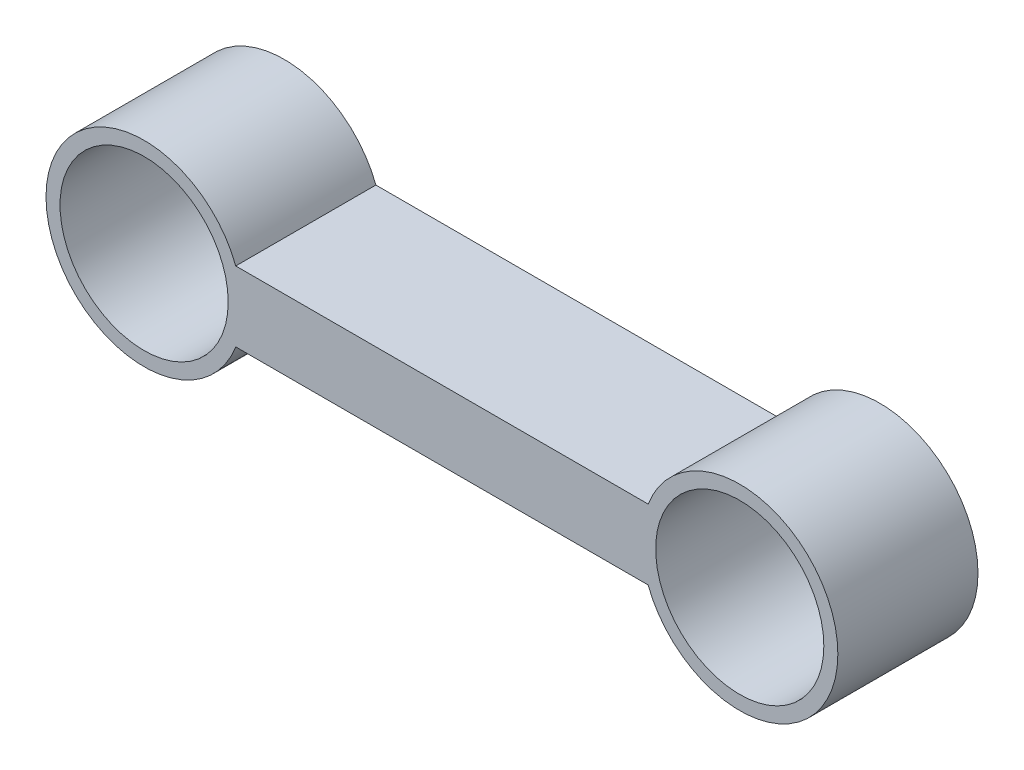
ISO-10303-21;
HEADER;
FILE_DESCRIPTION(('STEP AP214'),'2;1');
FILE_NAME('part.step','',(''),(''),'','','');
FILE_SCHEMA(('AUTOMOTIVE_DESIGN { 1 0 10303 214 1 1 1 1 }'));
ENDSEC;
DATA;
#1=APPLICATION_CONTEXT('core data for automotive mechanical design processes');
#2=APPLICATION_PROTOCOL_DEFINITION('international standard','automotive_design',2000,#1);
#3=PRODUCT_CONTEXT('',#1,'mechanical');
#4=PRODUCT('Part','Part','',(#3));
#5=PRODUCT_RELATED_PRODUCT_CATEGORY('part','',(#4));
#6=PRODUCT_DEFINITION_FORMATION('','',#4);
#7=PRODUCT_DEFINITION_CONTEXT('part definition',#1,'design');
#8=PRODUCT_DEFINITION('design','',#6,#7);
#9=PRODUCT_DEFINITION_SHAPE('','',#8);
#10=(LENGTH_UNIT() NAMED_UNIT(*) SI_UNIT(.MILLI.,.METRE.));
#11=(NAMED_UNIT(*) PLANE_ANGLE_UNIT() SI_UNIT($,.RADIAN.));
#12=(NAMED_UNIT(*) SI_UNIT($,.STERADIAN.) SOLID_ANGLE_UNIT());
#13=UNCERTAINTY_MEASURE_WITH_UNIT(LENGTH_MEASURE(1.E-05),#10,'distance_accuracy_value','');
#14=(GEOMETRIC_REPRESENTATION_CONTEXT(3) GLOBAL_UNCERTAINTY_ASSIGNED_CONTEXT((#13)) GLOBAL_UNIT_ASSIGNED_CONTEXT((#10,
#11,#12)) REPRESENTATION_CONTEXT('',''));
#15=CARTESIAN_POINT('',(0.,0.,0.));
#16=DIRECTION('',(0.,0.,1.));
#17=DIRECTION('',(1.,0.,0.));
#18=AXIS2_PLACEMENT_3D('',#15,#16,#17);
#19=CARTESIAN_POINT('',(0.,0.,25.4));
#20=DIRECTION('',(0.,0.,-1.));
#21=DIRECTION('',(-1.,0.,0.));
#22=AXIS2_PLACEMENT_3D('',#19,#20,#21);
#23=CYLINDRICAL_SURFACE('',#22,17.78);
#24=CARTESIAN_POINT('',(0.,0.,0.));
#25=DIRECTION('',(0.,0.,1.));
#26=DIRECTION('',(1.,0.,0.));
#27=AXIS2_PLACEMENT_3D('',#24,#25,#26);
#28=CIRCLE('',#27,17.78);
#29=CARTESIAN_POINT('',(16.60740497489,6.35,0.));
#30=VERTEX_POINT('',#29);
#31=CARTESIAN_POINT('',(16.60740497489,-6.35,0.));
#32=VERTEX_POINT('',#31);
#33=EDGE_CURVE('E108',#30,#32,#28,.T.);
#34=ORIENTED_EDGE('',*,*,#33,.T.);
#35=DIRECTION('',(0.,0.,-1.));
#36=VECTOR('',#35,1.);
#37=CARTESIAN_POINT('',(16.60740497489,-6.35,25.4));
#38=LINE('',#37,#36);
#39=CARTESIAN_POINT('',(16.60740497489,-6.35,25.4));
#40=VERTEX_POINT('',#39);
#41=EDGE_CURVE('E11',#40,#32,#38,.T.);
#42=ORIENTED_EDGE('',*,*,#41,.F.);
#43=CARTESIAN_POINT('',(0.,0.,25.4));
#44=DIRECTION('',(0.,0.,1.));
#45=DIRECTION('',(1.,0.,0.));
#46=AXIS2_PLACEMENT_3D('',#43,#44,#45);
#47=CIRCLE('',#46,17.78);
#48=CARTESIAN_POINT('',(16.60740497489,6.35,25.4));
#49=VERTEX_POINT('',#48);
#50=EDGE_CURVE('E78',#49,#40,#47,.T.);
#51=ORIENTED_EDGE('',*,*,#50,.F.);
#52=DIRECTION('',(0.,0.,-1.));
#53=VECTOR('',#52,1.);
#54=CARTESIAN_POINT('',(16.60740497489,6.35,25.4));
#55=LINE('',#54,#53);
#56=EDGE_CURVE('E104',#49,#30,#55,.T.);
#57=ORIENTED_EDGE('',*,*,#56,.T.);
#58=EDGE_LOOP('',(#34,#42,#51,#57));
#59=FACE_BOUND('',#58,.T.);
#60=ADVANCED_FACE('F35',(#59),#23,.T.);
#61=CARTESIAN_POINT('',(0.,-6.35,25.4));
#62=DIRECTION('',(0.,-1.,0.));
#63=DIRECTION('',(0.,0.,-1.));
#64=AXIS2_PLACEMENT_3D('',#61,#62,#63);
#65=PLANE('',#64);
#66=DIRECTION('',(-1.,0.,0.));
#67=VECTOR('',#66,1.);
#68=CARTESIAN_POINT('',(0.,-6.35,0.));
#69=LINE('',#68,#67);
#70=CARTESIAN_POINT('',(91.34259502511,-6.35,0.));
#71=VERTEX_POINT('',#70);
#72=EDGE_CURVE('E88',#71,#32,#69,.T.);
#73=ORIENTED_EDGE('',*,*,#72,.F.);
#74=DIRECTION('',(0.,0.,-1.));
#75=VECTOR('',#74,1.);
#76=CARTESIAN_POINT('',(91.34259502511,-6.35,25.4));
#77=LINE('',#76,#75);
#78=CARTESIAN_POINT('',(91.34259502511,-6.35,25.4));
#79=VERTEX_POINT('',#78);
#80=EDGE_CURVE('E44',#79,#71,#77,.T.);
#81=ORIENTED_EDGE('',*,*,#80,.F.);
#82=DIRECTION('',(-1.,0.,0.));
#83=VECTOR('',#82,1.);
#84=CARTESIAN_POINT('',(0.,-6.35,25.4));
#85=LINE('',#84,#83);
#86=EDGE_CURVE('E86',#79,#40,#85,.T.);
#87=ORIENTED_EDGE('',*,*,#86,.T.);
#88=ORIENTED_EDGE('',*,*,#41,.T.);
#89=EDGE_LOOP('',(#73,#81,#87,#88));
#90=FACE_BOUND('',#89,.T.);
#91=ADVANCED_FACE('F85',(#90),#65,.T.);
#92=CARTESIAN_POINT('',(107.95,0.,25.4));
#93=DIRECTION('',(0.,0.,-1.));
#94=DIRECTION('',(-1.,0.,0.));
#95=AXIS2_PLACEMENT_3D('',#92,#93,#94);
#96=CYLINDRICAL_SURFACE('',#95,17.78);
#97=CARTESIAN_POINT('',(107.95,0.,0.));
#98=DIRECTION('',(0.,0.,1.));
#99=DIRECTION('',(1.,0.,0.));
#100=AXIS2_PLACEMENT_3D('',#97,#98,#99);
#101=CIRCLE('',#100,17.78);
#102=CARTESIAN_POINT('',(91.34259502511,6.35,0.));
#103=VERTEX_POINT('',#102);
#104=EDGE_CURVE('E67',#71,#103,#101,.T.);
#105=ORIENTED_EDGE('',*,*,#104,.T.);
#106=DIRECTION('',(0.,0.,-1.));
#107=VECTOR('',#106,1.);
#108=CARTESIAN_POINT('',(91.34259502511,6.35,25.4));
#109=LINE('',#108,#107);
#110=CARTESIAN_POINT('',(91.34259502511,6.35,25.4));
#111=VERTEX_POINT('',#110);
#112=EDGE_CURVE('E89',#111,#103,#109,.T.);
#113=ORIENTED_EDGE('',*,*,#112,.F.);
#114=CARTESIAN_POINT('',(107.95,0.,25.4));
#115=DIRECTION('',(0.,0.,1.));
#116=DIRECTION('',(1.,0.,0.));
#117=AXIS2_PLACEMENT_3D('',#114,#115,#116);
#118=CIRCLE('',#117,17.78);
#119=EDGE_CURVE('E90',#79,#111,#118,.T.);
#120=ORIENTED_EDGE('',*,*,#119,.F.);
#121=ORIENTED_EDGE('',*,*,#80,.T.);
#122=EDGE_LOOP('',(#105,#113,#120,#121));
#123=FACE_BOUND('',#122,.T.);
#124=ADVANCED_FACE('F91',(#123),#96,.T.);
#125=CARTESIAN_POINT('',(0.,6.35,25.4));
#126=DIRECTION('',(0.,-1.,0.));
#127=DIRECTION('',(0.,0.,-1.));
#128=AXIS2_PLACEMENT_3D('',#125,#126,#127);
#129=PLANE('',#128);
#130=DIRECTION('',(-1.,0.,0.));
#131=VECTOR('',#130,1.);
#132=CARTESIAN_POINT('',(0.,6.35,0.));
#133=LINE('',#132,#131);
#134=EDGE_CURVE('E73',#103,#30,#133,.T.);
#135=ORIENTED_EDGE('',*,*,#134,.T.);
#136=ORIENTED_EDGE('',*,*,#56,.F.);
#137=DIRECTION('',(-1.,0.,0.));
#138=VECTOR('',#137,1.);
#139=CARTESIAN_POINT('',(0.,6.35,25.4));
#140=LINE('',#139,#138);
#141=EDGE_CURVE('E52',#111,#49,#140,.T.);
#142=ORIENTED_EDGE('',*,*,#141,.F.);
#143=ORIENTED_EDGE('',*,*,#112,.T.);
#144=EDGE_LOOP('',(#135,#136,#142,#143));
#145=FACE_BOUND('',#144,.T.);
#146=ADVANCED_FACE('F118',(#145),#129,.F.);
#147=CARTESIAN_POINT('',(0.,0.,25.4));
#148=DIRECTION('',(0.,0.,-1.));
#149=DIRECTION('',(-1.,0.,0.));
#150=AXIS2_PLACEMENT_3D('',#147,#148,#149);
#151=CYLINDRICAL_SURFACE('',#150,15.24);
#152=CARTESIAN_POINT('',(0.,0.,25.4));
#153=DIRECTION('',(0.,0.,1.));
#154=DIRECTION('',(1.,0.,0.));
#155=AXIS2_PLACEMENT_3D('',#152,#153,#154);
#156=CIRCLE('',#155,15.24);
#157=CARTESIAN_POINT('',(15.24,0.,25.4));
#158=VERTEX_POINT('',#157);
#159=EDGE_CURVE('E96',#158,#158,#156,.T.);
#160=ORIENTED_EDGE('',*,*,#159,.T.);
#161=EDGE_LOOP('',(#160));
#162=FACE_BOUND('',#161,.T.);
#163=CARTESIAN_POINT('',(0.,0.,0.));
#164=DIRECTION('',(0.,0.,1.));
#165=DIRECTION('',(1.,0.,0.));
#166=AXIS2_PLACEMENT_3D('',#163,#164,#165);
#167=CIRCLE('',#166,15.24);
#168=CARTESIAN_POINT('',(15.24,0.,0.));
#169=VERTEX_POINT('',#168);
#170=EDGE_CURVE('E105',#169,#169,#167,.T.);
#171=ORIENTED_EDGE('',*,*,#170,.F.);
#172=EDGE_LOOP('',(#171));
#173=FACE_BOUND('',#172,.T.);
#174=ADVANCED_FACE('F37',(#162,#173),#151,.F.);
#175=CARTESIAN_POINT('',(107.95,0.,25.4));
#176=DIRECTION('',(0.,0.,-1.));
#177=DIRECTION('',(-1.,0.,0.));
#178=AXIS2_PLACEMENT_3D('',#175,#176,#177);
#179=CYLINDRICAL_SURFACE('',#178,15.24);
#180=CARTESIAN_POINT('',(107.95,0.,25.4));
#181=DIRECTION('',(0.,0.,1.));
#182=DIRECTION('',(1.,0.,0.));
#183=AXIS2_PLACEMENT_3D('',#180,#181,#182);
#184=CIRCLE('',#183,15.24);
#185=CARTESIAN_POINT('',(123.19,0.,25.4));
#186=VERTEX_POINT('',#185);
#187=EDGE_CURVE('E101',#186,#186,#184,.T.);
#188=ORIENTED_EDGE('',*,*,#187,.T.);
#189=EDGE_LOOP('',(#188));
#190=FACE_BOUND('',#189,.T.);
#191=CARTESIAN_POINT('',(107.95,0.,0.));
#192=DIRECTION('',(0.,0.,1.));
#193=DIRECTION('',(1.,0.,0.));
#194=AXIS2_PLACEMENT_3D('',#191,#192,#193);
#195=CIRCLE('',#194,15.24);
#196=CARTESIAN_POINT('',(123.19,0.,0.));
#197=VERTEX_POINT('',#196);
#198=EDGE_CURVE('E114',#197,#197,#195,.T.);
#199=ORIENTED_EDGE('',*,*,#198,.F.);
#200=EDGE_LOOP('',(#199));
#201=FACE_BOUND('',#200,.T.);
#202=ADVANCED_FACE('F134',(#190,#201),#179,.F.);
#203=CARTESIAN_POINT('',(0.,0.,25.4));
#204=DIRECTION('',(0.,0.,1.));
#205=DIRECTION('',(1.,0.,0.));
#206=AXIS2_PLACEMENT_3D('',#203,#204,#205);
#207=PLANE('',#206);
#208=ORIENTED_EDGE('',*,*,#159,.F.);
#209=EDGE_LOOP('',(#208));
#210=FACE_BOUND('',#209,.T.);
#211=ORIENTED_EDGE('',*,*,#50,.T.);
#212=ORIENTED_EDGE('',*,*,#86,.F.);
#213=ORIENTED_EDGE('',*,*,#119,.T.);
#214=ORIENTED_EDGE('',*,*,#141,.T.);
#215=EDGE_LOOP('',(#211,#212,#213,#214));
#216=FACE_BOUND('',#215,.T.);
#217=ORIENTED_EDGE('',*,*,#187,.F.);
#218=EDGE_LOOP('',(#217));
#219=FACE_BOUND('',#218,.T.);
#220=ADVANCED_FACE('F93',(#210,#216,#219),#207,.T.);
#221=CARTESIAN_POINT('',(0.,0.,0.));
#222=DIRECTION('',(0.,0.,1.));
#223=DIRECTION('',(1.,0.,0.));
#224=AXIS2_PLACEMENT_3D('',#221,#222,#223);
#225=PLANE('',#224);
#226=ORIENTED_EDGE('',*,*,#170,.T.);
#227=EDGE_LOOP('',(#226));
#228=FACE_BOUND('',#227,.T.);
#229=ORIENTED_EDGE('',*,*,#33,.F.);
#230=ORIENTED_EDGE('',*,*,#134,.F.);
#231=ORIENTED_EDGE('',*,*,#104,.F.);
#232=ORIENTED_EDGE('',*,*,#72,.T.);
#233=EDGE_LOOP('',(#229,#230,#231,#232));
#234=FACE_BOUND('',#233,.T.);
#235=ORIENTED_EDGE('',*,*,#198,.T.);
#236=EDGE_LOOP('',(#235));
#237=FACE_BOUND('',#236,.T.);
#238=ADVANCED_FACE('F121',(#228,#234,#237),#225,.F.);
#239=CLOSED_SHELL('',(#60,#91,#124,#146,#174,#202,#220,#238));
#240=MANIFOLD_SOLID_BREP('B2',#239);
#241=ADVANCED_BREP_SHAPE_REPRESENTATION('',(#18,#240),#14);
#242=SHAPE_DEFINITION_REPRESENTATION(#9,#241);
ENDSEC;
END-ISO-10303-21;

========

REQUIRED ACTION: Give back precisely the lines above that start at the line containing "#35=DIRECTION('',(0.,0.,-1.));" and end at the line containing "#41=EDGE_CURVE('E11',#40,#32,#38,.T.);", inclusive. No other lines belong in the output.

RESPONSE:
#35=DIRECTION('',(0.,0.,-1.));
#36=VECTOR('',#35,1.);
#37=CARTESIAN_POINT('',(16.60740497489,-6.35,25.4));
#38=LINE('',#37,#36);
#39=CARTESIAN_POINT('',(16.60740497489,-6.35,25.4));
#40=VERTEX_POINT('',#39);
#41=EDGE_CURVE('E11',#40,#32,#38,.T.);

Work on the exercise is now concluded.